Portrait of Fireweed by Heather HinamThe first blush of spring flowers has long since faded, leaving forests and fields to settle into the rich greens and sunny yellows of mid-summer. Still, the decidedly verdant palette is broken now and then by a showy splash of pink, startling against the endless green, like flame in the darkness.

These tall, fuschia spires are fireweed, nature’s phoenix, rising out of the ashes of destruction and bringing colour back to the land. They also happen to be one of my favourite flowers; but not for a reason that’s immediately obvious. They’re actually rather tasty.

Nearly 15 years ago, I was fortunate to spend some time visiting a friend in the Yukon. We had an amazing time exploring the western edge of the territory, camping out in the shadow of the Rockies in the still long days of early fall.

In the airport on the way home, I spotted it, jars of a clear pink, gleaming in the fluorescent light of the gift shop: fireweed jelly. I had to try it and after tasting its delicate, sweet flavour, I had to figure out how to make it.

Turns out, the second part of that equation was harder than I expected it to be. Over 10 years ago, the internet was not as vast and I couldn’t find a recipe anywhere. After much searching, I ended up finding what I needed in a dusty old text squirrelled away in the Winnipeg public library.  I actually found a lot of ways to cook wild edibles in that book; but most coveted was my recipe that will work for any petal-based jelly.

We’ve been blessed with an abundance of fireweed this summer in Grindstone; but I’ve been so busy with other work that I haven’t had time to go out and harvest. It’s fairly time-consuming labour. Picking the flowers is easy enough. You just need a pair of scissors, long pants and something to store the feathery spikes in. Once you get them home, the fun part starts: separating the blossoms from the stem. I usually end up spending a good hour plucking the flowers, one by one, dropping them into a bowl and setting the green bits (which are also edible) aside. By the end, your fingers will be died purple and the rest of you will be crawling with crab spiders and leaf hoppers; but it will be worth it in the end, trust me.

Once you have your blossoms, stuff as many as you can into a pint sealer jar and cover the lot with boiling water.  Let the developing tea steep for 24 hours in a dark space (to keep the sunlight from washing out the delicate colour). Strain out the now leeched-white blossoms and pour the liquid into a deep pot, adding 1 1/2 cups of sugar for every cup of tea (3 cups to a pint). Add a teaspoon of lemon juice and bring to a rolling boil, letting it go for a good minute. Add 6 oz of liquid pectic to the mix and boil hard for another minute or so. Take it off the heat and skim any foam before carefully filling sealer jars and proceed to can it according to direction.

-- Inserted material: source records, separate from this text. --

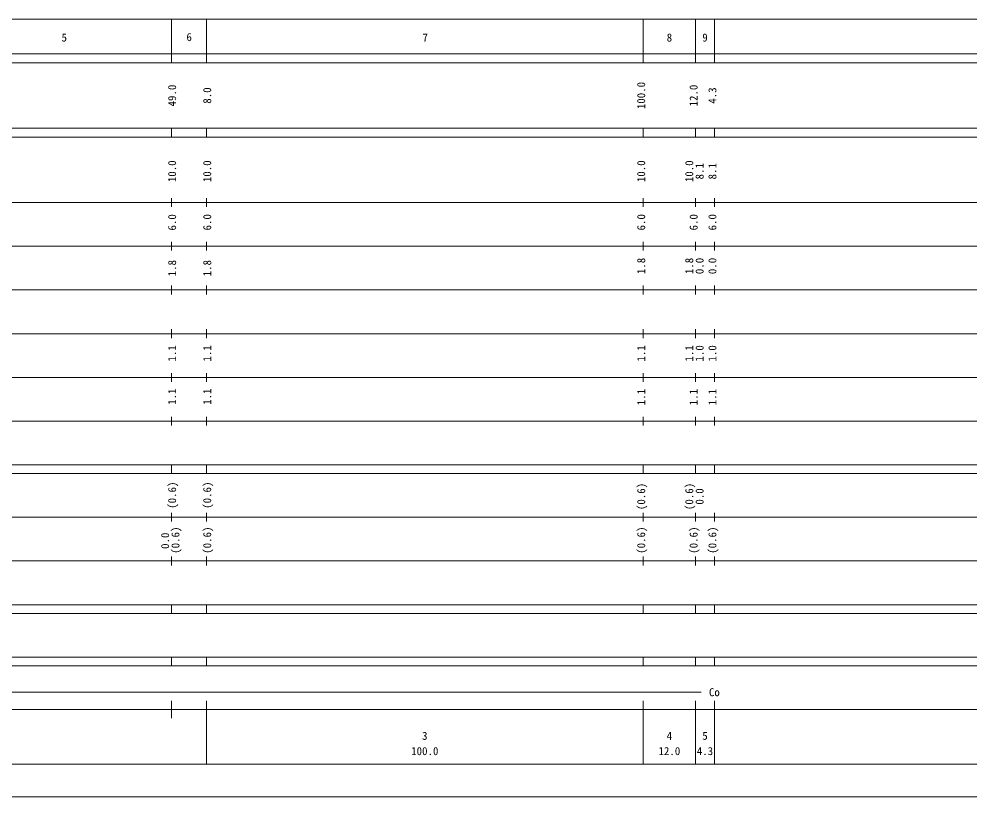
# Model space of a CAD drawing. Units: millimetres on the paper, enlarged 1000 times. Extents: x 7785 to 680000, y 20000 to 380000.
# Drawn here: x 225092 to 442816, y 20000 to 198000 of the extents above; entities that cross this region are included whole.
import ezdxf
from ezdxf.enums import TextEntityAlignment as Align

# ---------------------------------------------------------------- set-up
doc = ezdxf.new("R2010")
doc.units = ezdxf.units.MM
doc.header["$LTSCALE"] = 1000
doc.layers.add('S-SUV', color=7, linetype='Continuous', lineweight=13)
doc.styles.add('ＭＳ ゴシック', font='')
doc.styles.get('ＭＳ ゴシック').set_extended_font_data('MS Gothic')

msp = doc.modelspace()

# ---------------------------------------------------------------- linework, layer by layer
at = {"layer": 'S-SUV'}
for p, q in [((68000, 198000), (579000, 198000)), ((260000, 188000), (260000, 198000)), ((268000, 188000), (268000, 198000)), ((368000, 188000), (368000, 198000)), ((380000, 188000), (380000, 198000)), ((384300, 188000), (384300, 198000)), ((40000, 190000), (579000, 190000)), ((40000, 188000), (579000, 188000)), ((40000, 173000), (579000, 173000)), ((260000, 171000), (260000, 173000)), ((268000, 171000), (268000, 173000)), ((368000, 171000), (368000, 173000)), ((380000, 171000), (380000, 173000)), ((384300, 171000), (384300, 173000)), ((40000, 171000), (579000, 171000)), ((260000, 155000), (260000, 157000)), ((268000, 155000), (268000, 157000)), ((368000, 155000), (368000, 157000)), ((380000, 155000), (380000, 157000)), ((384300, 155000), (384300, 157000)), ((40000, 156000), (579000, 156000)), ((46000, 146000), (579000, 146000)), ((260000, 145000), (260000, 147000)), ((268000, 145000), (268000, 147000)), ((368000, 145000), (368000, 147000)), ((380000, 145000), (380000, 147000)), ((384300, 145000), (384300, 147000)), ((52000, 136000), (579000, 136000)), ((260000, 135000), (260000, 137000)), ((268000, 135000), (268000, 137000)), ((368000, 135000), (368000, 137000)), ((380000, 135000), (380000, 137000)), ((384300, 135000), (384300, 137000)), ((260000, 125000), (260000, 127000)), ((268000, 125000), (268000, 127000)), ((368000, 125000), (368000, 127000)), ((380000, 125000), (380000, 127000)), ((384300, 125000), (384300, 127000)), ((46000, 126000), (579000, 126000)), ((52000, 116000), (579000, 116000)), ((260000, 115000), (260000, 117000)), ((268000, 115000), (268000, 117000)), ((368000, 115000), (368000, 117000)), ((380000, 115000), (380000, 117000)), ((384300, 115000), (384300, 117000)), ((260000, 105000), (260000, 107000)), ((268000, 105000), (268000, 107000)), ((368000, 105000), (368000, 107000)), ((380000, 105000), (380000, 107000)), ((384300, 105000), (384300, 107000)), ((46000, 106000), (579000, 106000)), ((40000, 96000), (579000, 96000)), ((260000, 94000), (260000, 96000)), ((268000, 94000), (268000, 96000)), ((368000, 94000), (368000, 96000)), ((380000, 94000), (380000, 96000)), ((384300, 94000), (384300, 96000)), ((40000, 94000), (579000, 94000)), ((260000, 83000), (260000, 85000)), ((268000, 83000), (268000, 85000)), ((368000, 83000), (368000, 85000)), ((380000, 83000), (380000, 85000)), ((384300, 83000), (384300, 85000)), ((49000, 84000), (579000, 84000)), ((260000, 73000), (260000, 75000)), ((268000, 73000), (268000, 75000)), ((368000, 73000), (368000, 75000)), ((380000, 73000), (380000, 75000)), ((384300, 73000), (384300, 75000)), ((40000, 74000), (579000, 74000)), ((40000, 64000), (579000, 64000)), ((260000, 62000), (260000, 64000)), ((268000, 62000), (268000, 64000)), ((368000, 62000), (368000, 64000)), ((380000, 62000), (380000, 64000)), ((384300, 62000), (384300, 64000)), ((40000, 62000), (579000, 62000)), ((40000, 52000), (579000, 52000)), ((260000, 50000), (260000, 52000)), ((268000, 50000), (268000, 52000)), ((368000, 50000), (368000, 52000)), ((380000, 50000), (380000, 52000)), ((384300, 50000), (384300, 52000)), ((40000, 50000), (579000, 50000)), ((71000, 44000), (381300, 44000)), ((260000, 38000), (260000, 42000)), ((268000, 27500), (268000, 42000)), ((368000, 27500), (368000, 42000)), ((380000, 27500), (380000, 42000)), ((384300, 27500), (384300, 42000)), ((40000, 40000), (579000, 40000)), ((68000, 27500), (579000, 27500)), ((40000, 20000), (680000, 20000))]:
    msp.add_line(p, q, dxfattribs=at)

# ---------------------------------------------------------------- texts
at = {"layer": 'S-SUV', "style": 'ＭＳ ゴシック'}
for s, p in [('5', (234826, 192295)), ('6', (263428, 192405)), ('7', (317474, 192295)), ('8', (373375, 192295)), ('9', (381525, 192295)), ('Co', (383050, 42500)), ('3', (317375, 32523)), ('4', (373375, 32523)), ('5', (381525, 32523)), ('100.0', (314875, 29033)), ('12.0', (371500, 29033)), ('4.3', (380275, 29033))]:
    msp.add_text(s, height=1833, dxfattribs=at).set_placement(p, align=Align.BOTTOM_LEFT)
for s, p in [('100.0', (369000, 177375)), ('49.0', (261601, 178000)), ('8.0', (269637, 178625)), ('12.0', (381000, 178000)), ('4.3', (385300, 178625)), ('10.0', (261601, 160675)), ('10.0', (269637, 160675)), ('10.0', (369000, 160674)), ('10.0', (380000, 160674)), ('8.1', (382370, 161299)), ('8.1', (385300, 161299)), ('6.0', (261601, 149609)), ('6.0', (269637, 149625)), ('6.0', (369000, 149625)), ('6.0', (381000, 149625)), ('6.0', (385300, 149625)), ('1.8', (261601, 139126)), ('1.8', (269637, 139126)), ('1.8', (369000, 139625)), ('1.8', (380000, 139625)), ('0.0', (382370, 139625)), ('0.0', (385300, 139625)), ('1.1', (261601, 119625)), ('1.1', (269637, 119625)), ('1.1', (369000, 119625)), ('1.1', (380000, 119625)), ('1.0', (382370, 119625)), ('1.0', (385300, 119625)), ('1.1', (261601, 109717)), ('1.1', (269637, 109717)), ('1.1', (369000, 109625)), ('1.1', (381000, 109625)), ('1.1', (385300, 109625)), ('(0.6)', (261601, 85934)), ('(0.6)', (269637, 85934)), ('(0.6)', (369000, 85639)), ('(0.6)', (380000, 85639)), ('0.0', (382370, 86889)), ('(0.6)', (262370, 75639)), ('(0.6)', (269637, 75639)), ('(0.6)', (369000, 75639)), ('(0.6)', (381000, 75639)), ('(0.6)', (385300, 75639)), ('0.0', (260000, 76751))]:
    msp.add_text(s, height=1833, rotation=90, dxfattribs=at).set_placement(p, align=Align.BOTTOM_LEFT)

doc.saveas('drawing.dxf')
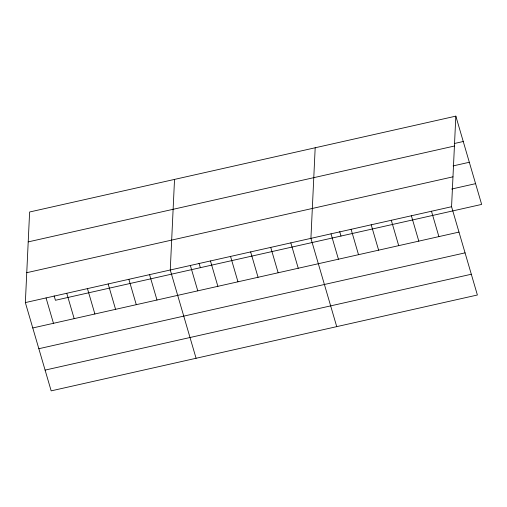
<?xml version="1.0" encoding="UTF-8"?>
<svg xmlns="http://www.w3.org/2000/svg" width="507" height="507" viewBox="0 0 507 507"><rect width="100%" height="100%" fill="white"/><g stroke="black" fill="none" stroke-linecap="round" stroke-linejoin="round"><path stroke-width="0.76" d="M455.831 116.135L451.566 206.723L477.385 295.004L51.169 390.865L25.35 302.584L29.615 211.996L455.831 116.135L481.65 204.416L55.434 300.277L54.135 295.828M174.528 179.402L170.263 269.99L196.082 358.272M315.183 147.765L310.918 238.353L336.73 326.641M454.754 143.418L463.252 141.504M28.208 241.89L454.424 146.029M453.093 165.916L469.324 162.265M26.757 272.69L452.973 176.829M451.623 189.048L475.579 183.654M25.35 302.584L451.566 206.723M32.771 327.959L458.987 232.092M38.843 348.715L465.058 252.854M45.098 370.104L471.314 274.243M431.476 211.242L438.891 236.611M411.38 215.76L418.801 241.136M391.29 220.279L398.705 245.654M371.194 224.797L378.615 250.173M351.104 229.316L358.519 254.691M339.696 231.604L340.996 236.053M331.008 233.835L338.429 259.21M290.822 242.872L298.243 268.247M270.732 247.397L278.147 272.766M250.635 251.916L258.057 277.285M230.546 256.434L237.96 281.803M210.449 260.953L217.871 286.328M199.048 263.234L200.347 267.683M190.359 265.472L197.774 290.847M149.565 274.648L156.98 300.017M128.86 279.3L136.282 304.675M108.156 283.958L115.577 309.333M87.458 288.616L94.879 313.991M66.753 293.274L74.174 318.643M46.055 297.926L53.469 323.301"/></g></svg>

This recipe doesn’t make much, but it’s flavour is worth it. If you’re concerned about the colour once you’ve strained out the blossoms (sometimes it can look a little brownish), you can add a tablespoon or so of strawberry juice. It won’t affect the taste, but will keep it nice and pink.

Fireweed is one of those flowers that just seems designed to bring joy wherever it grows. As suggested by its name, its rhizomic habit makes them one of the first colonizers to bring colour back to a fire-blackened forest, springing up through the ash from runners in the underlying soil.

This year, the bright blossoms brought beauty back to the devastation wrought by Manitoba Hydro after they cleared the area around their power lines of shrubs and trees in my area. As my friend, Cindy mentions in her recent post on the same subject, thanks to their tenacious rhizomes that can knit their way through the soil up to almost half a metre deep, fireweed managed to find its way into the centre of London after the city was ruined in places by World War II bombs. To me this hardy denizen of northern forests and fields is a reminder to all of us that even in the face of humanity at its ugliest and most destructive, nature always manages to find a way to bring light back to the earth.